Work request: Look through the material below and copy exactly the lines from the line with "#276=CARTESIAN_POINT('',(0.,28.5,20.));" to the line with "#282=EDGE_LOOP('',(#281));", those two lines included.

Dataset extract:
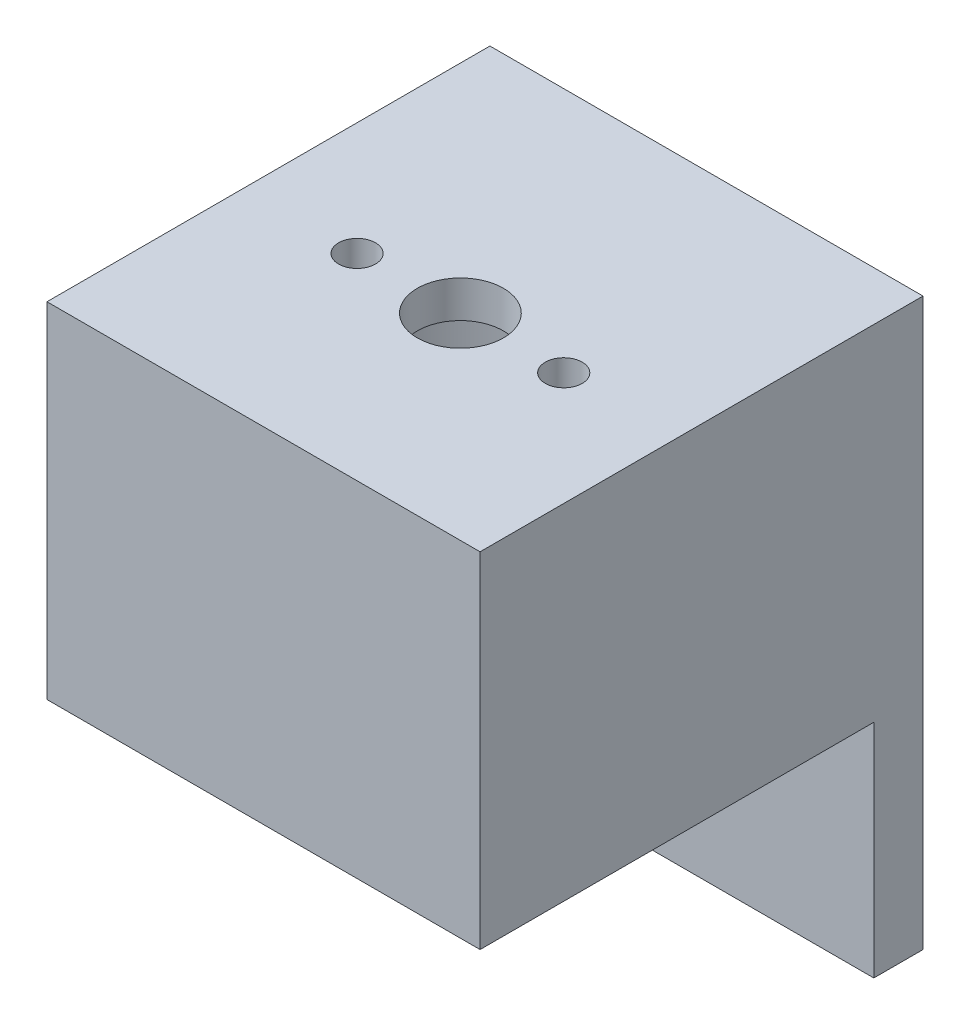
ISO-10303-21;
HEADER;
FILE_DESCRIPTION(('STEP AP214'),'2;1');
FILE_NAME('part.step','',(''),(''),'','','');
FILE_SCHEMA(('AUTOMOTIVE_DESIGN { 1 0 10303 214 1 1 1 1 }'));
ENDSEC;
DATA;
#1=APPLICATION_CONTEXT('core data for automotive mechanical design processes');
#2=APPLICATION_PROTOCOL_DEFINITION('international standard','automotive_design',2000,#1);
#3=PRODUCT_CONTEXT('',#1,'mechanical');
#4=PRODUCT('Part','Part','',(#3));
#5=PRODUCT_RELATED_PRODUCT_CATEGORY('part','',(#4));
#6=PRODUCT_DEFINITION_FORMATION('','',#4);
#7=PRODUCT_DEFINITION_CONTEXT('part definition',#1,'design');
#8=PRODUCT_DEFINITION('design','',#6,#7);
#9=PRODUCT_DEFINITION_SHAPE('','',#8);
#10=(LENGTH_UNIT() NAMED_UNIT(*) SI_UNIT(.MILLI.,.METRE.));
#11=(NAMED_UNIT(*) PLANE_ANGLE_UNIT() SI_UNIT($,.RADIAN.));
#12=(NAMED_UNIT(*) SI_UNIT($,.STERADIAN.) SOLID_ANGLE_UNIT());
#13=UNCERTAINTY_MEASURE_WITH_UNIT(LENGTH_MEASURE(1.E-05),#10,'distance_accuracy_value','');
#14=(GEOMETRIC_REPRESENTATION_CONTEXT(3) GLOBAL_UNCERTAINTY_ASSIGNED_CONTEXT((#13)) GLOBAL_UNIT_ASSIGNED_CONTEXT((#10,
#11,#12)) REPRESENTATION_CONTEXT('',''));
#15=CARTESIAN_POINT('',(0.,0.,0.));
#16=DIRECTION('',(0.,0.,1.));
#17=DIRECTION('',(1.,0.,0.));
#18=AXIS2_PLACEMENT_3D('',#15,#16,#17);
#19=CARTESIAN_POINT('',(0.,0.,4.));
#20=DIRECTION('',(0.,0.,-1.));
#21=DIRECTION('',(-1.,0.,0.));
#22=AXIS2_PLACEMENT_3D('',#19,#20,#21);
#23=PLANE('',#22);
#24=CARTESIAN_POINT('',(0.,-7.50000000000001,4.));
#25=DIRECTION('',(0.,0.,1.));
#26=DIRECTION('',(1.,0.,0.));
#27=AXIS2_PLACEMENT_3D('',#24,#25,#26);
#28=CIRCLE('',#27,2.);
#29=CARTESIAN_POINT('',(2.,-7.50000000000001,4.));
#30=VERTEX_POINT('',#29);
#31=EDGE_CURVE('E115',#30,#30,#28,.T.);
#32=ORIENTED_EDGE('',*,*,#31,.F.);
#33=EDGE_LOOP('',(#32));
#34=FACE_BOUND('',#33,.T.);
#35=CARTESIAN_POINT('',(0.,-17.5,4.));
#36=DIRECTION('',(0.,0.,1.));
#37=DIRECTION('',(1.,0.,0.));
#38=AXIS2_PLACEMENT_3D('',#35,#36,#37);
#39=CIRCLE('',#38,2.);
#40=CARTESIAN_POINT('',(2.,-17.5,4.));
#41=VERTEX_POINT('',#40);
#42=EDGE_CURVE('E123',#41,#41,#39,.T.);
#43=ORIENTED_EDGE('',*,*,#42,.F.);
#44=EDGE_LOOP('',(#43));
#45=FACE_BOUND('',#44,.T.);
#46=DIRECTION('',(1.,0.,0.));
#47=VECTOR('',#46,1.);
#48=CARTESIAN_POINT('',(-17.6,-3.50000000000001,4.));
#49=LINE('',#48,#47);
#50=CARTESIAN_POINT('',(-17.6,-3.50000000000001,4.));
#51=VERTEX_POINT('',#50);
#52=CARTESIAN_POINT('',(17.6,-3.50000000000001,4.));
#53=VERTEX_POINT('',#52);
#54=EDGE_CURVE('E58',#51,#53,#49,.T.);
#55=ORIENTED_EDGE('',*,*,#54,.F.);
#56=DIRECTION('',(0.,-1.,0.));
#57=VECTOR('',#56,1.);
#58=CARTESIAN_POINT('',(-17.6,-21.5,4.));
#59=LINE('',#58,#57);
#60=CARTESIAN_POINT('',(-17.6,-21.5,4.));
#61=VERTEX_POINT('',#60);
#62=EDGE_CURVE('E157',#51,#61,#59,.T.);
#63=ORIENTED_EDGE('',*,*,#62,.T.);
#64=DIRECTION('',(1.,0.,0.));
#65=VECTOR('',#64,1.);
#66=CARTESIAN_POINT('',(-17.6,-21.5,4.));
#67=LINE('',#66,#65);
#68=CARTESIAN_POINT('',(17.6,-21.5,4.));
#69=VERTEX_POINT('',#68);
#70=EDGE_CURVE('E64',#61,#69,#67,.T.);
#71=ORIENTED_EDGE('',*,*,#70,.T.);
#72=DIRECTION('',(0.,1.,0.));
#73=VECTOR('',#72,1.);
#74=CARTESIAN_POINT('',(17.6,-21.5,4.));
#75=LINE('',#74,#73);
#76=EDGE_CURVE('E85',#69,#53,#75,.T.);
#77=ORIENTED_EDGE('',*,*,#76,.T.);
#78=EDGE_LOOP('',(#55,#63,#71,#77));
#79=FACE_BOUND('',#78,.T.);
#80=ADVANCED_FACE('F40',(#34,#45,#79),#23,.F.);
#81=CARTESIAN_POINT('',(17.6,-21.5,4.));
#82=DIRECTION('',(-1.,0.,0.));
#83=DIRECTION('',(0.,0.,1.));
#84=AXIS2_PLACEMENT_3D('',#81,#82,#83);
#85=PLANE('',#84);
#86=DIRECTION('',(0.,1.,0.));
#87=VECTOR('',#86,1.);
#88=CARTESIAN_POINT('',(17.6,-21.5,0.));
#89=LINE('',#88,#87);
#90=CARTESIAN_POINT('',(17.6,-21.5,0.));
#91=VERTEX_POINT('',#90);
#92=CARTESIAN_POINT('',(17.6,24.5,0.));
#93=VERTEX_POINT('',#92);
#94=EDGE_CURVE('E92',#91,#93,#89,.T.);
#95=ORIENTED_EDGE('',*,*,#94,.T.);
#96=DIRECTION('',(0.,0.,-1.));
#97=VECTOR('',#96,1.);
#98=CARTESIAN_POINT('',(17.6,24.5,0.));
#99=LINE('',#98,#97);
#100=CARTESIAN_POINT('',(17.6,24.5,36.));
#101=VERTEX_POINT('',#100);
#102=EDGE_CURVE('E174',#101,#93,#99,.T.);
#103=ORIENTED_EDGE('',*,*,#102,.F.);
#104=DIRECTION('',(0.,1.,0.));
#105=VECTOR('',#104,1.);
#106=CARTESIAN_POINT('',(17.6,21.5,36.));
#107=LINE('',#106,#105);
#108=CARTESIAN_POINT('',(17.6,-3.50000000000001,36.));
#109=VERTEX_POINT('',#108);
#110=EDGE_CURVE('E148',#109,#101,#107,.T.);
#111=ORIENTED_EDGE('',*,*,#110,.F.);
#112=DIRECTION('',(0.,0.,-1.));
#113=VECTOR('',#112,1.);
#114=CARTESIAN_POINT('',(17.6,-3.50000000000001,36.));
#115=LINE('',#114,#113);
#116=EDGE_CURVE('E108',#109,#53,#115,.T.);
#117=ORIENTED_EDGE('',*,*,#116,.T.);
#118=ORIENTED_EDGE('',*,*,#76,.F.);
#119=DIRECTION('',(0.,0.,-1.));
#120=VECTOR('',#119,1.);
#121=CARTESIAN_POINT('',(17.6,-21.5,4.));
#122=LINE('',#121,#120);
#123=EDGE_CURVE('E50',#69,#91,#122,.T.);
#124=ORIENTED_EDGE('',*,*,#123,.T.);
#125=EDGE_LOOP('',(#95,#103,#111,#117,#118,#124));
#126=FACE_BOUND('',#125,.T.);
#127=ADVANCED_FACE('F42',(#126),#85,.F.);
#128=CARTESIAN_POINT('',(-17.6,-21.5,4.));
#129=DIRECTION('',(1.,0.,0.));
#130=DIRECTION('',(0.,0.,-1.));
#131=AXIS2_PLACEMENT_3D('',#128,#129,#130);
#132=PLANE('',#131);
#133=DIRECTION('',(0.,-1.,0.));
#134=VECTOR('',#133,1.);
#135=CARTESIAN_POINT('',(-17.6,-21.5,0.));
#136=LINE('',#135,#134);
#137=CARTESIAN_POINT('',(-17.6,24.5,0.));
#138=VERTEX_POINT('',#137);
#139=CARTESIAN_POINT('',(-17.6,-21.5,0.));
#140=VERTEX_POINT('',#139);
#141=EDGE_CURVE('E86',#138,#140,#136,.T.);
#142=ORIENTED_EDGE('',*,*,#141,.T.);
#143=DIRECTION('',(0.,0.,-1.));
#144=VECTOR('',#143,1.);
#145=CARTESIAN_POINT('',(-17.6,-21.5,4.));
#146=LINE('',#145,#144);
#147=EDGE_CURVE('E11',#61,#140,#146,.T.);
#148=ORIENTED_EDGE('',*,*,#147,.F.);
#149=ORIENTED_EDGE('',*,*,#62,.F.);
#150=DIRECTION('',(0.,0.,-1.));
#151=VECTOR('',#150,1.);
#152=CARTESIAN_POINT('',(-17.6,-3.50000000000001,36.));
#153=LINE('',#152,#151);
#154=CARTESIAN_POINT('',(-17.6,-3.50000000000001,36.));
#155=VERTEX_POINT('',#154);
#156=EDGE_CURVE('E102',#155,#51,#153,.T.);
#157=ORIENTED_EDGE('',*,*,#156,.F.);
#158=DIRECTION('',(0.,-1.,0.));
#159=VECTOR('',#158,1.);
#160=CARTESIAN_POINT('',(-17.6,21.5,36.));
#161=LINE('',#160,#159);
#162=CARTESIAN_POINT('',(-17.6,24.5,36.));
#163=VERTEX_POINT('',#162);
#164=EDGE_CURVE('E140',#163,#155,#161,.T.);
#165=ORIENTED_EDGE('',*,*,#164,.F.);
#166=DIRECTION('',(0.,0.,1.));
#167=VECTOR('',#166,1.);
#168=CARTESIAN_POINT('',(-17.6,24.5,0.));
#169=LINE('',#168,#167);
#170=EDGE_CURVE('E167',#138,#163,#169,.T.);
#171=ORIENTED_EDGE('',*,*,#170,.F.);
#172=EDGE_LOOP('',(#142,#148,#149,#157,#165,#171));
#173=FACE_BOUND('',#172,.T.);
#174=ADVANCED_FACE('F162',(#173),#132,.F.);
#175=CARTESIAN_POINT('',(-17.6,-21.5,4.));
#176=DIRECTION('',(0.,1.,0.));
#177=DIRECTION('',(0.,0.,1.));
#178=AXIS2_PLACEMENT_3D('',#175,#176,#177);
#179=PLANE('',#178);
#180=DIRECTION('',(1.,0.,0.));
#181=VECTOR('',#180,1.);
#182=CARTESIAN_POINT('',(-17.6,-21.5,0.));
#183=LINE('',#182,#181);
#184=EDGE_CURVE('E76',#140,#91,#183,.T.);
#185=ORIENTED_EDGE('',*,*,#184,.T.);
#186=ORIENTED_EDGE('',*,*,#123,.F.);
#187=ORIENTED_EDGE('',*,*,#70,.F.);
#188=ORIENTED_EDGE('',*,*,#147,.T.);
#189=EDGE_LOOP('',(#185,#186,#187,#188));
#190=FACE_BOUND('',#189,.T.);
#191=ADVANCED_FACE('F78',(#190),#179,.F.);
#192=CARTESIAN_POINT('',(0.,0.,0.));
#193=DIRECTION('',(0.,0.,-1.));
#194=DIRECTION('',(-1.,0.,0.));
#195=AXIS2_PLACEMENT_3D('',#192,#193,#194);
#196=PLANE('',#195);
#197=CARTESIAN_POINT('',(0.,-7.50000000000001,0.));
#198=DIRECTION('',(0.,0.,-1.));
#199=DIRECTION('',(-1.,0.,0.));
#200=AXIS2_PLACEMENT_3D('',#197,#198,#199);
#201=CIRCLE('',#200,2.);
#202=CARTESIAN_POINT('',(-2.,-7.50000000000001,0.));
#203=VERTEX_POINT('',#202);
#204=EDGE_CURVE('E44',#203,#203,#201,.T.);
#205=ORIENTED_EDGE('',*,*,#204,.F.);
#206=EDGE_LOOP('',(#205));
#207=FACE_BOUND('',#206,.T.);
#208=CARTESIAN_POINT('',(0.,-17.5,0.));
#209=DIRECTION('',(0.,0.,-1.));
#210=DIRECTION('',(-1.,0.,0.));
#211=AXIS2_PLACEMENT_3D('',#208,#209,#210);
#212=CIRCLE('',#211,2.);
#213=CARTESIAN_POINT('',(-2.,-17.5,0.));
#214=VERTEX_POINT('',#213);
#215=EDGE_CURVE('E112',#214,#214,#212,.T.);
#216=ORIENTED_EDGE('',*,*,#215,.F.);
#217=EDGE_LOOP('',(#216));
#218=FACE_BOUND('',#217,.T.);
#219=ORIENTED_EDGE('',*,*,#94,.F.);
#220=ORIENTED_EDGE('',*,*,#184,.F.);
#221=ORIENTED_EDGE('',*,*,#141,.F.);
#222=DIRECTION('',(-1.,0.,0.));
#223=VECTOR('',#222,1.);
#224=CARTESIAN_POINT('',(-17.6,24.5,0.));
#225=LINE('',#224,#223);
#226=EDGE_CURVE('E100',#93,#138,#225,.T.);
#227=ORIENTED_EDGE('',*,*,#226,.F.);
#228=EDGE_LOOP('',(#219,#220,#221,#227));
#229=FACE_BOUND('',#228,.T.);
#230=ADVANCED_FACE('F98',(#207,#218,#229),#196,.T.);
#231=CARTESIAN_POINT('',(-17.6,-3.50000000000001,36.));
#232=DIRECTION('',(0.,1.,0.));
#233=DIRECTION('',(0.,0.,1.));
#234=AXIS2_PLACEMENT_3D('',#231,#232,#233);
#235=PLANE('',#234);
#236=CARTESIAN_POINT('',(0.,-3.50000000000001,20.));
#237=DIRECTION('',(0.,-1.,0.));
#238=DIRECTION('',(0.,0.,-1.));
#239=AXIS2_PLACEMENT_3D('',#236,#237,#238);
#240=CIRCLE('',#239,12.5);
#241=CARTESIAN_POINT('',(0.,-3.50000000000001,7.5));
#242=VERTEX_POINT('',#241);
#243=EDGE_CURVE('E121',#242,#242,#240,.T.);
#244=ORIENTED_EDGE('',*,*,#243,.F.);
#245=EDGE_LOOP('',(#244));
#246=FACE_BOUND('',#245,.T.);
#247=ORIENTED_EDGE('',*,*,#54,.T.);
#248=ORIENTED_EDGE('',*,*,#116,.F.);
#249=DIRECTION('',(1.,0.,0.));
#250=VECTOR('',#249,1.);
#251=CARTESIAN_POINT('',(-17.6,-3.50000000000001,36.));
#252=LINE('',#251,#250);
#253=EDGE_CURVE('E144',#155,#109,#252,.T.);
#254=ORIENTED_EDGE('',*,*,#253,.F.);
#255=ORIENTED_EDGE('',*,*,#156,.T.);
#256=EDGE_LOOP('',(#247,#248,#254,#255));
#257=FACE_BOUND('',#256,.T.);
#258=ADVANCED_FACE('F243',(#246,#257),#235,.F.);
#259=CARTESIAN_POINT('',(0.,0.,36.));
#260=DIRECTION('',(0.,0.,1.));
#261=DIRECTION('',(1.,0.,0.));
#262=AXIS2_PLACEMENT_3D('',#259,#260,#261);
#263=PLANE('',#262);
#264=ORIENTED_EDGE('',*,*,#164,.T.);
#265=ORIENTED_EDGE('',*,*,#253,.T.);
#266=ORIENTED_EDGE('',*,*,#110,.T.);
#267=DIRECTION('',(1.,0.,0.));
#268=VECTOR('',#267,1.);
#269=CARTESIAN_POINT('',(-17.6,24.5,36.));
#270=LINE('',#269,#268);
#271=EDGE_CURVE('E177',#163,#101,#270,.T.);
#272=ORIENTED_EDGE('',*,*,#271,.F.);
#273=EDGE_LOOP('',(#264,#265,#266,#272));
#274=FACE_BOUND('',#273,.T.);
#275=ADVANCED_FACE('F234',(#274),#263,.T.);
#276=CARTESIAN_POINT('',(0.,28.5,20.));
#277=DIRECTION('',(0.,-1.,0.));
#278=DIRECTION('',(0.,0.,-1.));
#279=AXIS2_PLACEMENT_3D('',#276,#277,#278);
#280=CYLINDRICAL_SURFACE('',#279,12.5);
#281=ORIENTED_EDGE('',*,*,#243,.T.);
#282=EDGE_LOOP('',(#281));
#283=FACE_BOUND('',#282,.T.);
#284=CARTESIAN_POINT('',(0.,21.5,20.));
#285=DIRECTION('',(0.,-1.,0.));
#286=DIRECTION('',(0.,0.,-1.));
#287=AXIS2_PLACEMENT_3D('',#284,#285,#286);
#288=CIRCLE('',#287,12.5);
#289=CARTESIAN_POINT('',(0.,21.5,7.5));
#290=VERTEX_POINT('',#289);
#291=EDGE_CURVE('E136',#290,#290,#288,.T.);
#292=ORIENTED_EDGE('',*,*,#291,.F.);
#293=EDGE_LOOP('',(#292));
#294=FACE_BOUND('',#293,.T.);
#295=ADVANCED_FACE('F231',(#283,#294),#280,.F.);
#296=CARTESIAN_POINT('',(0.,-17.5,-28.));
#297=DIRECTION('',(0.,0.,1.));
#298=DIRECTION('',(1.,0.,0.));
#299=AXIS2_PLACEMENT_3D('',#296,#297,#298);
#300=CYLINDRICAL_SURFACE('',#299,2.);
#301=ORIENTED_EDGE('',*,*,#215,.T.);
#302=EDGE_LOOP('',(#301));
#303=FACE_BOUND('',#302,.T.);
#304=ORIENTED_EDGE('',*,*,#42,.T.);
#305=EDGE_LOOP('',(#304));
#306=FACE_BOUND('',#305,.T.);
#307=ADVANCED_FACE('F233',(#303,#306),#300,.F.);
#308=CARTESIAN_POINT('',(0.,-7.50000000000001,-28.));
#309=DIRECTION('',(0.,0.,1.));
#310=DIRECTION('',(1.,0.,0.));
#311=AXIS2_PLACEMENT_3D('',#308,#309,#310);
#312=CYLINDRICAL_SURFACE('',#311,2.);
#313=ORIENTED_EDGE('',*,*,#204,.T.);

Answer to this exercise:
#276=CARTESIAN_POINT('',(0.,28.5,20.));
#277=DIRECTION('',(0.,-1.,0.));
#278=DIRECTION('',(0.,0.,-1.));
#279=AXIS2_PLACEMENT_3D('',#276,#277,#278);
#280=CYLINDRICAL_SURFACE('',#279,12.5);
#281=ORIENTED_EDGE('',*,*,#243,.T.);
#282=EDGE_LOOP('',(#281));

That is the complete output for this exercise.